(Recorded data)
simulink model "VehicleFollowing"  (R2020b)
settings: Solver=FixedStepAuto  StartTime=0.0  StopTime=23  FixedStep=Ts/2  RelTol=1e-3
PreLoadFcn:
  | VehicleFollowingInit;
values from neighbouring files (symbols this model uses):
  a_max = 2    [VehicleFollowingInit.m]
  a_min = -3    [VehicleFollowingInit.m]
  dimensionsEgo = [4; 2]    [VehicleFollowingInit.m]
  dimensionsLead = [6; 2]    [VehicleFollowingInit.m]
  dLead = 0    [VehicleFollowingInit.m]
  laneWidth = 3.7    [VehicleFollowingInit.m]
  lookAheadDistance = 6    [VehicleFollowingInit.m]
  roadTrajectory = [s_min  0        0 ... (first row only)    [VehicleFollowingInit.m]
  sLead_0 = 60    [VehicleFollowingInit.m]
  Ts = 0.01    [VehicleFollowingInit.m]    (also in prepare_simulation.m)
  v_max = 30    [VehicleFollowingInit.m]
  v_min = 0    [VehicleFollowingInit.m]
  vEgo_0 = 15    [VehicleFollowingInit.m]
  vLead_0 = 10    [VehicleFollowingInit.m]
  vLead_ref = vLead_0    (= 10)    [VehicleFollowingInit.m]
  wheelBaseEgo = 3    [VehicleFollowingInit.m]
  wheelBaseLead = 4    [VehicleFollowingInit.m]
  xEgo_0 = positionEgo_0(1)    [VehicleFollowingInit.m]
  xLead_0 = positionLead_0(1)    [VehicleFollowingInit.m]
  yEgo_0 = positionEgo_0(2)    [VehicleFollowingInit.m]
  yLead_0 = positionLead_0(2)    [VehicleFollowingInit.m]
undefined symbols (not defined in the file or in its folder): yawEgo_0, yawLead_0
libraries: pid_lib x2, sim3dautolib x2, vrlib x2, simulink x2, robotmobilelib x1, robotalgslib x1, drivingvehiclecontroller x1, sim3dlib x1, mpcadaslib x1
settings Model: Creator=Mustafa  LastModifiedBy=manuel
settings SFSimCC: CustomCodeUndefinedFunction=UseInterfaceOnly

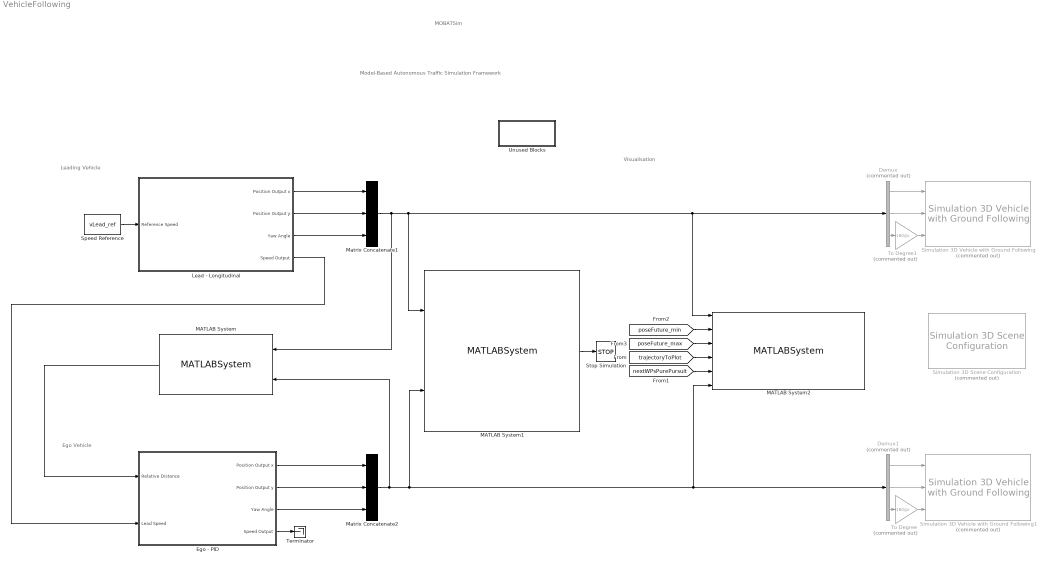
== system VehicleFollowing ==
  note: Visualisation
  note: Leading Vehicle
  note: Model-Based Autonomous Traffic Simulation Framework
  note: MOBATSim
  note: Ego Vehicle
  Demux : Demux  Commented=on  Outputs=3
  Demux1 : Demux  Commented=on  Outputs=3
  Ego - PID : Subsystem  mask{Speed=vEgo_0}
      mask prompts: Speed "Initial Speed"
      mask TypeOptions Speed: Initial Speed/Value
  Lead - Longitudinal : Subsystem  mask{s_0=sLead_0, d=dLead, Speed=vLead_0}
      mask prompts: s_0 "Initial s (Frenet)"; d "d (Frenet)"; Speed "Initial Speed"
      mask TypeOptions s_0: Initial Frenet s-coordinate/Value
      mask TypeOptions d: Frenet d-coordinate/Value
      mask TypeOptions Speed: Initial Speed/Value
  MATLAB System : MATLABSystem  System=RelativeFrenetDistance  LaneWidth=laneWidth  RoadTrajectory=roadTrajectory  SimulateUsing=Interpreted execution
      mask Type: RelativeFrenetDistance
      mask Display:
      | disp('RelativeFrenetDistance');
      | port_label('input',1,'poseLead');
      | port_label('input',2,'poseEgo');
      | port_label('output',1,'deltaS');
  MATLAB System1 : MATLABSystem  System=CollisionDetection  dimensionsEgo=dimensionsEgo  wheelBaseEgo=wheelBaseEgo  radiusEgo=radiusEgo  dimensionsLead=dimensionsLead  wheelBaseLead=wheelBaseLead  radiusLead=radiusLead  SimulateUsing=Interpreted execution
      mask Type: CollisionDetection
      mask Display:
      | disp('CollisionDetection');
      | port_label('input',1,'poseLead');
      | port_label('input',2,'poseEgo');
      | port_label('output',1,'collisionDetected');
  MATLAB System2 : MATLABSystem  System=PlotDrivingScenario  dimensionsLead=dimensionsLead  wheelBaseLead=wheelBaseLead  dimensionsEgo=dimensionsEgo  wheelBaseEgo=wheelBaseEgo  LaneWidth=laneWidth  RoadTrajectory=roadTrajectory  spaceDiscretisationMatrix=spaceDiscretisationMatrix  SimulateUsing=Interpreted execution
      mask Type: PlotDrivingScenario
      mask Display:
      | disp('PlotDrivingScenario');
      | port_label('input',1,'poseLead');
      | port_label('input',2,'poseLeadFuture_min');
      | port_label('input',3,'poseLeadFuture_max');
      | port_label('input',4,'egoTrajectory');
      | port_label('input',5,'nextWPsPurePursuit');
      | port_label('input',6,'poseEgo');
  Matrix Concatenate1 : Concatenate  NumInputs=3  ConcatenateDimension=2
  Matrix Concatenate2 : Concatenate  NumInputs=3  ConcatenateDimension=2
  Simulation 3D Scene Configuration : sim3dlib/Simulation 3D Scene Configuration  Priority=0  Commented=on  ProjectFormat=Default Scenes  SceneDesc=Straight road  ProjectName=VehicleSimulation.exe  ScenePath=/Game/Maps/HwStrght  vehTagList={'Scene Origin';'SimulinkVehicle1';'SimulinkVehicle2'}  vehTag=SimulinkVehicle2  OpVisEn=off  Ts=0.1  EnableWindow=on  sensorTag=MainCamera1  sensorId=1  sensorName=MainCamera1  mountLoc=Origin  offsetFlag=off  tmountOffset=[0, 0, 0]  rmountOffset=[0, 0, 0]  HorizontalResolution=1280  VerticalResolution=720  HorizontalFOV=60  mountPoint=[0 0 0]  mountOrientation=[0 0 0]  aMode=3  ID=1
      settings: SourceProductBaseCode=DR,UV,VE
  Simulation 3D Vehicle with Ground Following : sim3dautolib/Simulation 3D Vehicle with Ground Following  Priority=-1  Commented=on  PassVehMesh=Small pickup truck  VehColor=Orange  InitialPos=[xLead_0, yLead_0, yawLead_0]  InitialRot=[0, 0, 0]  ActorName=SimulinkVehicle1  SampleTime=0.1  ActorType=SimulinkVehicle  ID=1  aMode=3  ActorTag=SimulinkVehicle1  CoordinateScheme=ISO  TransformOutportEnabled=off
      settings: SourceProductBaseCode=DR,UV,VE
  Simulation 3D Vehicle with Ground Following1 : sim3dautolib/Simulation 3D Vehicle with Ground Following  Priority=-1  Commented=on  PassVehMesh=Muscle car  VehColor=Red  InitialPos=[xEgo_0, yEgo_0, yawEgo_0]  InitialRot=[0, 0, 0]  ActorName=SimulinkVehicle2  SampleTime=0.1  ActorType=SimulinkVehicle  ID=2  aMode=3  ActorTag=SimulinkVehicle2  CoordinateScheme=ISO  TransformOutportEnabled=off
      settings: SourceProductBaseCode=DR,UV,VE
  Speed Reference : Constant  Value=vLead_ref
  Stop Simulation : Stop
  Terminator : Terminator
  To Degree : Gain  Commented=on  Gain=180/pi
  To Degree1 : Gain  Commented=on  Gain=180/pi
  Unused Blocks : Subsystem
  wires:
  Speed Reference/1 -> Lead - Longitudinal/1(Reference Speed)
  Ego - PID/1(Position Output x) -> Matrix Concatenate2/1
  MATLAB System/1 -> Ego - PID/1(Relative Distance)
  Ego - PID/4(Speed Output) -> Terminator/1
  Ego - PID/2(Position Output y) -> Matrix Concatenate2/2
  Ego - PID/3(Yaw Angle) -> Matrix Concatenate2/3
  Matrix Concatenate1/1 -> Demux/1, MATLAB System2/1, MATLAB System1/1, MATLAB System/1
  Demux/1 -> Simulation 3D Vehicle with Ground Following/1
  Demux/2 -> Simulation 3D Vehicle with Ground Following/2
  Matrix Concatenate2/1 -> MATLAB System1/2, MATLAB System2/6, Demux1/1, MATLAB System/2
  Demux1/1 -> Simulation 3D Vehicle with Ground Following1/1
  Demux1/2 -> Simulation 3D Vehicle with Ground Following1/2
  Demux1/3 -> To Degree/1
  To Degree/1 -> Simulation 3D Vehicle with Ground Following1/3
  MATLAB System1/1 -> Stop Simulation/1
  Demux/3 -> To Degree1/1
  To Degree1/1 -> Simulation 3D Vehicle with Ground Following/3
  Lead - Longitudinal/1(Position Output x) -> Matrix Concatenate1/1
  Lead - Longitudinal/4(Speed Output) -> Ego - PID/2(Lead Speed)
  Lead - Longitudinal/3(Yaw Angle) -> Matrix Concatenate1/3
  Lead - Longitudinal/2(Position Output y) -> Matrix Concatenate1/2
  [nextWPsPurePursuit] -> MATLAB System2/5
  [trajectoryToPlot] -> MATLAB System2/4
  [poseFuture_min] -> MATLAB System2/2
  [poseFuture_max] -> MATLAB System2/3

TASK DETAILS: The lines to copy run from the one containing "[nextWPsPurePursuit] -> MATLAB System2/5" through the last line above. Copy them exactly and include nothing else.

ANSWER SPACE:
  [nextWPsPurePursuit] -> MATLAB System2/5
  [trajectoryToPlot] -> MATLAB System2/4
  [poseFuture_min] -> MATLAB System2/2
  [poseFuture_max] -> MATLAB System2/3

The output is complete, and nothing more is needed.